Start of Records supplied

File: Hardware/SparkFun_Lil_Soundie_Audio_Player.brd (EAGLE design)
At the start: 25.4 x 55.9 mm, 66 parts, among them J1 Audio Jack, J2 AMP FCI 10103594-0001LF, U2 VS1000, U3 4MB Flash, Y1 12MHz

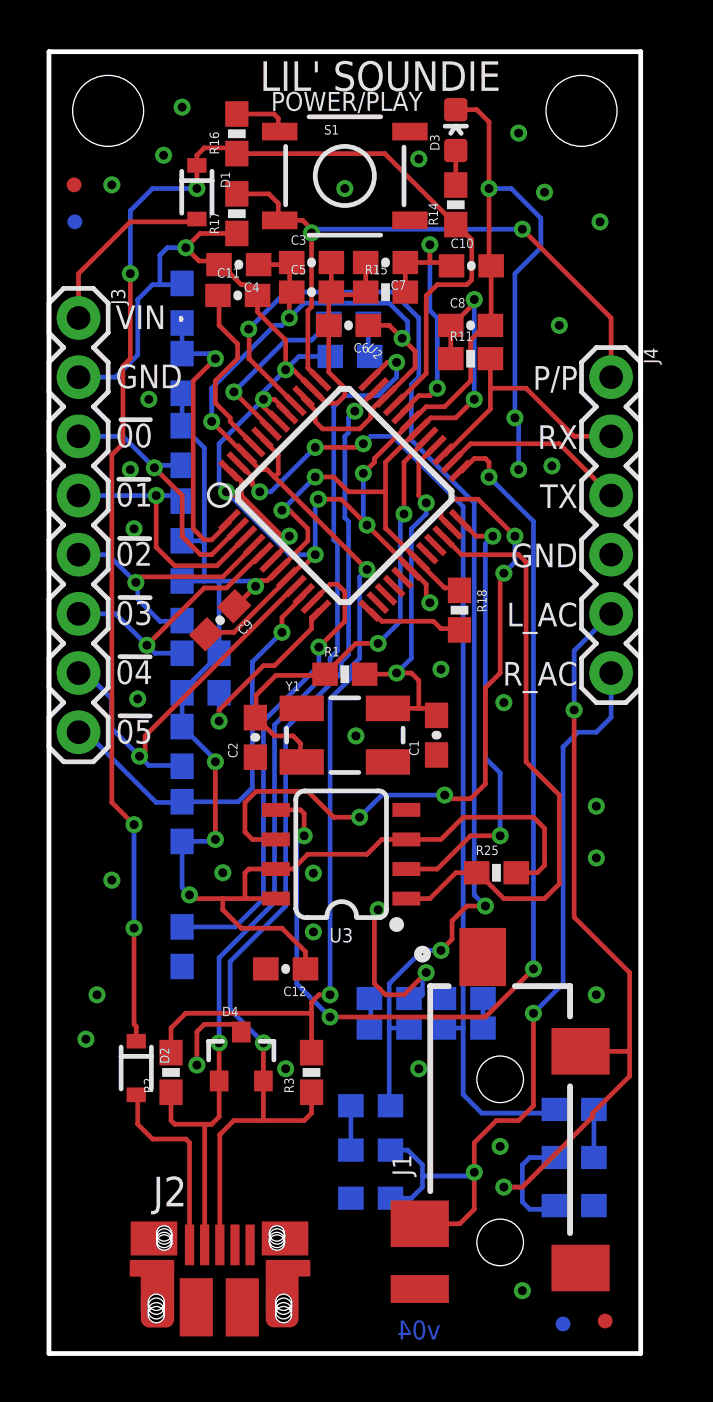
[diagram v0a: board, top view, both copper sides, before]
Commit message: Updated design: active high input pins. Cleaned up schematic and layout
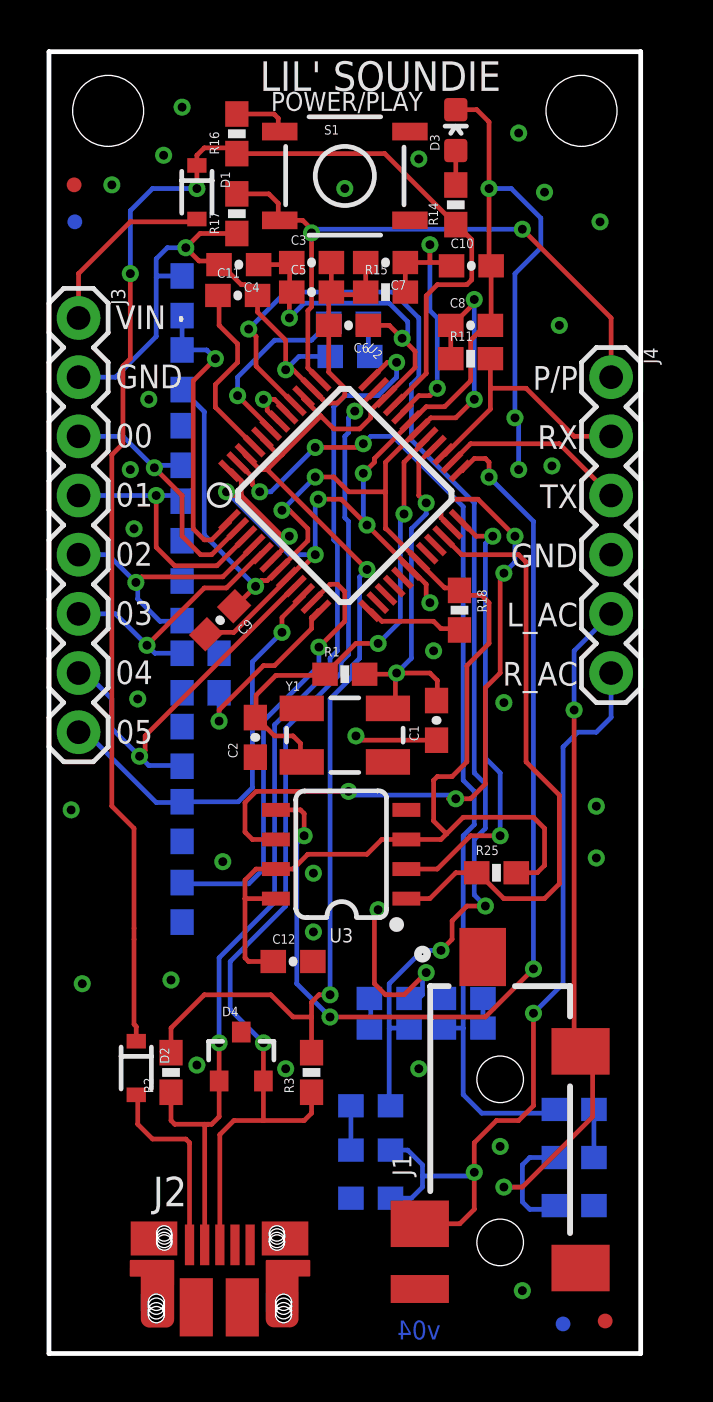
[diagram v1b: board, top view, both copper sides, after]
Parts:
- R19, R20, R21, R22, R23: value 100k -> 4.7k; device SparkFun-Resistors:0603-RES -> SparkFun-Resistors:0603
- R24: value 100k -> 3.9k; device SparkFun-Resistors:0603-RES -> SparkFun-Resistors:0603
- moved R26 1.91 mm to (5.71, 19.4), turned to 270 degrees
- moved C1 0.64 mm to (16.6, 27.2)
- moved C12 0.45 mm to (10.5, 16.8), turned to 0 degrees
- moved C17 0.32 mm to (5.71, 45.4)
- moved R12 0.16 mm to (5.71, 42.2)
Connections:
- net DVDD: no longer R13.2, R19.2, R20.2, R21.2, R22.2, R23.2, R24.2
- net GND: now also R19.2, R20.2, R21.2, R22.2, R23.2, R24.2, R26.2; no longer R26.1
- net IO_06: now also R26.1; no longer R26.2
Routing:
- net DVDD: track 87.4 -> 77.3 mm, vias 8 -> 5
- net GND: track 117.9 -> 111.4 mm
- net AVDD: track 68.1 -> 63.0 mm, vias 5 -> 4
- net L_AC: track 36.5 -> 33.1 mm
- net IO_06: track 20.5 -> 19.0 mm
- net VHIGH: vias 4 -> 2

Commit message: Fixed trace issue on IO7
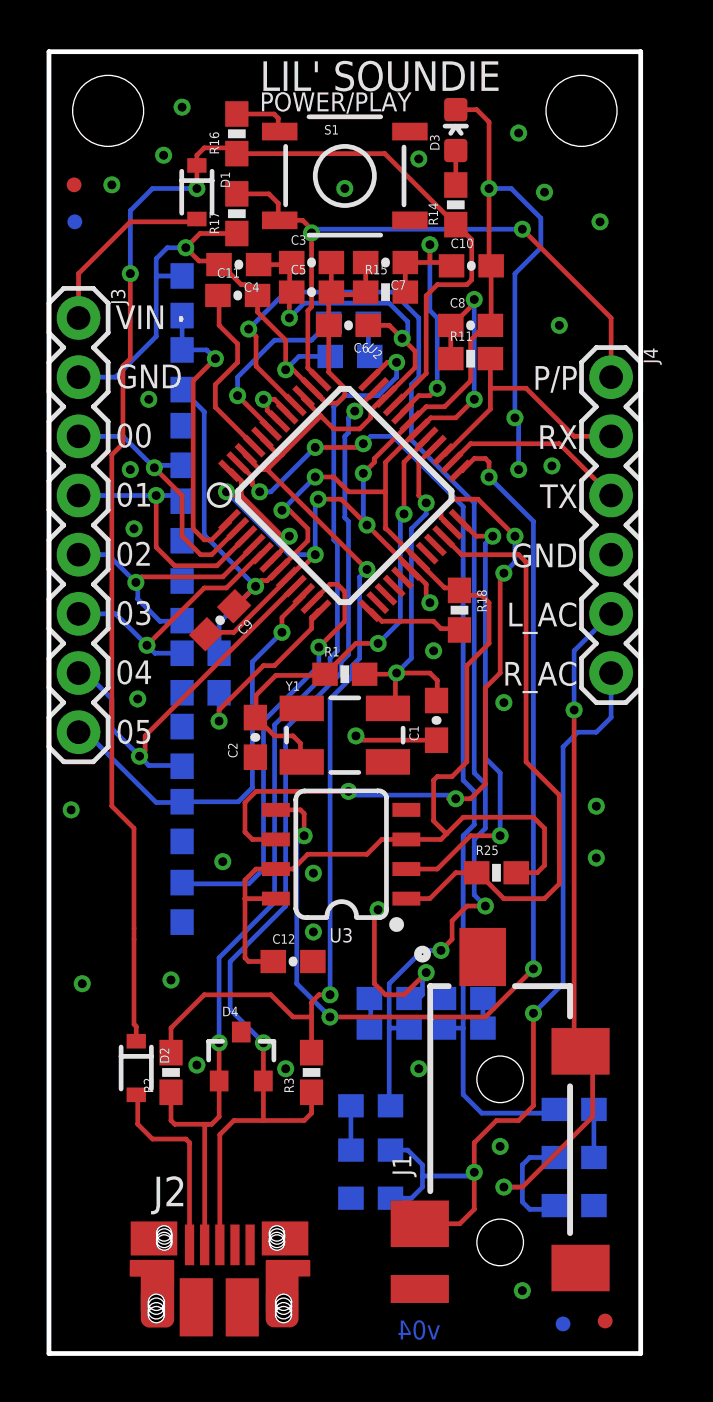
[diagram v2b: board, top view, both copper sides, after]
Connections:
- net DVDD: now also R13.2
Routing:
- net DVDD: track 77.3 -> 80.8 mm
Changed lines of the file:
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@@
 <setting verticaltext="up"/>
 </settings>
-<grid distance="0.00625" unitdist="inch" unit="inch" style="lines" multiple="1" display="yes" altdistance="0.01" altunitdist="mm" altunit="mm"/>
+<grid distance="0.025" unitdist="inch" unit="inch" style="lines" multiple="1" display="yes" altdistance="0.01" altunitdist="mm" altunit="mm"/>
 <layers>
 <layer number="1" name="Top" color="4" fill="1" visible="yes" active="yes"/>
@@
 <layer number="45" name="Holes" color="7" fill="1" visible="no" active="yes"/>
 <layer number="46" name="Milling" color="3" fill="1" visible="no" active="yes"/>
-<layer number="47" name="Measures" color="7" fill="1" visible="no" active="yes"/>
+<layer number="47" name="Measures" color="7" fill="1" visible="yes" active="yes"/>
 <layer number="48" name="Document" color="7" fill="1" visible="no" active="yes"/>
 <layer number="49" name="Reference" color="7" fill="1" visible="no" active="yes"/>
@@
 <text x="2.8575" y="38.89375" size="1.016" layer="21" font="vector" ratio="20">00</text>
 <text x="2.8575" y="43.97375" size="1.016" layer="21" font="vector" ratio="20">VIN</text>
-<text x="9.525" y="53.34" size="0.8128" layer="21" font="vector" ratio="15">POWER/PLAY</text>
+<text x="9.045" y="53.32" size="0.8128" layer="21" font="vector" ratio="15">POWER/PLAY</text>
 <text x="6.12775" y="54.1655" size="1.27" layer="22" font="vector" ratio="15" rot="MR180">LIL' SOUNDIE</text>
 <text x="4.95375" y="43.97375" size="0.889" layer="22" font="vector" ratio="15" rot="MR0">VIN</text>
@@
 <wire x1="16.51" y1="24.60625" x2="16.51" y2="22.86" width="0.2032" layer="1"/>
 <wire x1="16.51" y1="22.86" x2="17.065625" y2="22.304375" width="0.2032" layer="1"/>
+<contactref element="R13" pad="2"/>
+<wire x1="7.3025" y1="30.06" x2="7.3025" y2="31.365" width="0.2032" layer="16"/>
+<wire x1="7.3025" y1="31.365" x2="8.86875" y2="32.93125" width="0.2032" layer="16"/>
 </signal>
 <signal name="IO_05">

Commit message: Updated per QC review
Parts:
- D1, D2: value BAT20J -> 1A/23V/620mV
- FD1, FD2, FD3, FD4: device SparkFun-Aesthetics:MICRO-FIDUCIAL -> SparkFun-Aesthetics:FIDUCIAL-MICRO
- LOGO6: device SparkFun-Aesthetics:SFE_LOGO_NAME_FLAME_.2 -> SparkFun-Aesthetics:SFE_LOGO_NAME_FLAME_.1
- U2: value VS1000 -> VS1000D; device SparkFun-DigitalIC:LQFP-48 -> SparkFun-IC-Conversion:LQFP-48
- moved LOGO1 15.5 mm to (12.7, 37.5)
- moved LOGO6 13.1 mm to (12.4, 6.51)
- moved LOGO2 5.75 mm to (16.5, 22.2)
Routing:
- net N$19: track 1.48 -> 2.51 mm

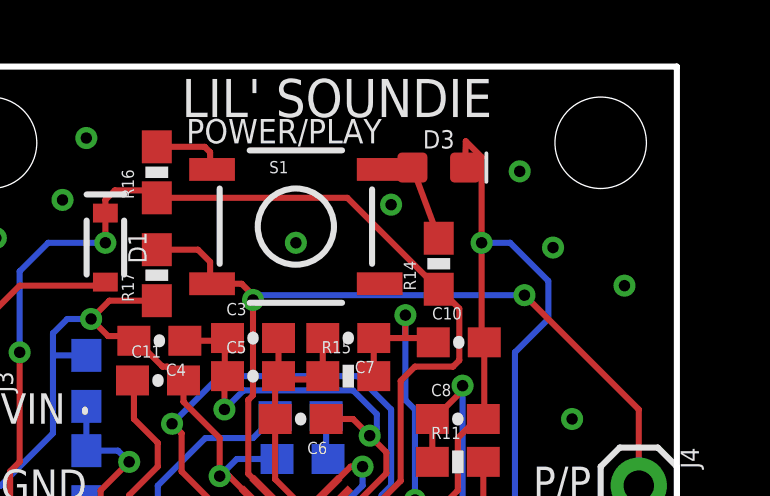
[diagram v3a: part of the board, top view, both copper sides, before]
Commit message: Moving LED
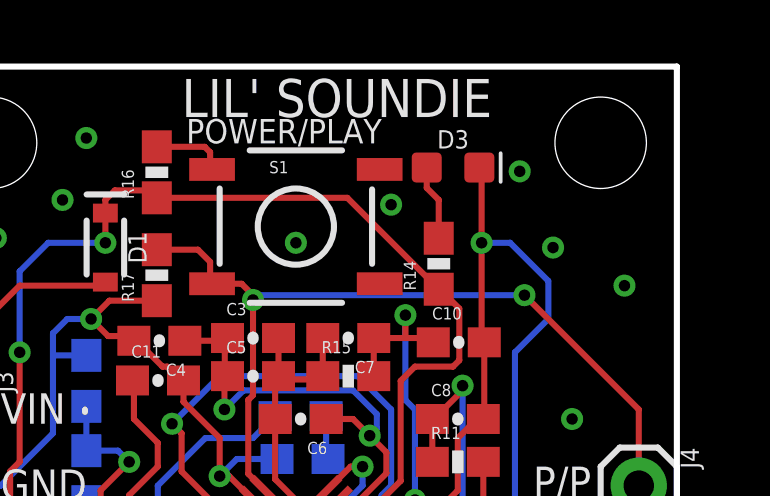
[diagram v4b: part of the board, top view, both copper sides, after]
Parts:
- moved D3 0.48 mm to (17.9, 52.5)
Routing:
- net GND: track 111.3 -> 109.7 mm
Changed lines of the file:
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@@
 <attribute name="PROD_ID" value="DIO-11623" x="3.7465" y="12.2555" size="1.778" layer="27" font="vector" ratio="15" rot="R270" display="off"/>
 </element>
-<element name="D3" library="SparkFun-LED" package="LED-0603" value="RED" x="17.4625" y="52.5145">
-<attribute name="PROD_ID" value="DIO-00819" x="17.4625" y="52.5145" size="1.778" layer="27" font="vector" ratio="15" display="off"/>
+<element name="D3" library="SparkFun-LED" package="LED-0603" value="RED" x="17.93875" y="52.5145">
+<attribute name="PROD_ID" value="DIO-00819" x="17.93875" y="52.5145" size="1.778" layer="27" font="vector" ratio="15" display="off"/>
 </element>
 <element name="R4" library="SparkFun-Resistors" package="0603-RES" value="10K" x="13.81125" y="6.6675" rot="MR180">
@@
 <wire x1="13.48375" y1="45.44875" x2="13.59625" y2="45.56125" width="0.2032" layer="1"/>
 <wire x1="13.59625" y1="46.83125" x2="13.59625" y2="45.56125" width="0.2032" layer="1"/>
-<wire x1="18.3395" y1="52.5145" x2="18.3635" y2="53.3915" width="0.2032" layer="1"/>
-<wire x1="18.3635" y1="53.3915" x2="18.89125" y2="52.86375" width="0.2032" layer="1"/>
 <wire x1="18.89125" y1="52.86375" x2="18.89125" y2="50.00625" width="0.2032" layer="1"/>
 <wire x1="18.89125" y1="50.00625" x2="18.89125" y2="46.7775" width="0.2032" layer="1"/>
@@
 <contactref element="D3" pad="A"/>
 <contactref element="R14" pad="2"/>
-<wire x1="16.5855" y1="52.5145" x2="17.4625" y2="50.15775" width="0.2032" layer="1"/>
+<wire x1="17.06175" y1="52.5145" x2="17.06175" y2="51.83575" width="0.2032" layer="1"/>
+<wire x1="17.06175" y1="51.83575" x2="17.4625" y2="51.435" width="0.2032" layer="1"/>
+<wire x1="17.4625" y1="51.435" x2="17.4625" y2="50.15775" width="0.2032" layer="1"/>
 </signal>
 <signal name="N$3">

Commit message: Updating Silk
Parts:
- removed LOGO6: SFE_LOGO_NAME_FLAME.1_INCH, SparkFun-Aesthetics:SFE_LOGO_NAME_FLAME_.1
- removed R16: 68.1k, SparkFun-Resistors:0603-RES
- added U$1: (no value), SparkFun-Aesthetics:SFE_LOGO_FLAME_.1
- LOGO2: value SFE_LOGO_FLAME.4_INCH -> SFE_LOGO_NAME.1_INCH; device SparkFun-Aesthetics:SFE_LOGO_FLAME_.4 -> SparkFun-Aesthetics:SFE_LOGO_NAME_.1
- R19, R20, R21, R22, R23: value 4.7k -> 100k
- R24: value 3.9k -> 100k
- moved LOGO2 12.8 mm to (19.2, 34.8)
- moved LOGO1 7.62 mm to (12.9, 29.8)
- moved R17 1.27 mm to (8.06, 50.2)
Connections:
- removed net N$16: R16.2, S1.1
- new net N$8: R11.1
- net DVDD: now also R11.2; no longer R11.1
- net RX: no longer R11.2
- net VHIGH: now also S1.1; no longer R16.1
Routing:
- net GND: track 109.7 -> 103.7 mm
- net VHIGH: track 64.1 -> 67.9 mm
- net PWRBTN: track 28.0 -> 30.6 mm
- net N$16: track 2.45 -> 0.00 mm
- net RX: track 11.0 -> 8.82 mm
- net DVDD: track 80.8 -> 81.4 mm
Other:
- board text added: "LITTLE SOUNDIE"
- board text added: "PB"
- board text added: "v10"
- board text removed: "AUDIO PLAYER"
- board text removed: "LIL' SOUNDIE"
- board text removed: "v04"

End of Records supplied

» Exercise aim:
Whenever the word "copper" shows up in a line above, copy that line.

» Exercise answer:
[diagram v0a: board, top view, both copper sides, before]
[diagram v1b: board, top view, both copper sides, after]
[diagram v2b: board, top view, both copper sides, after]
[diagram v3a: part of the board, top view, both copper sides, before]
[diagram v4b: part of the board, top view, both copper sides, after]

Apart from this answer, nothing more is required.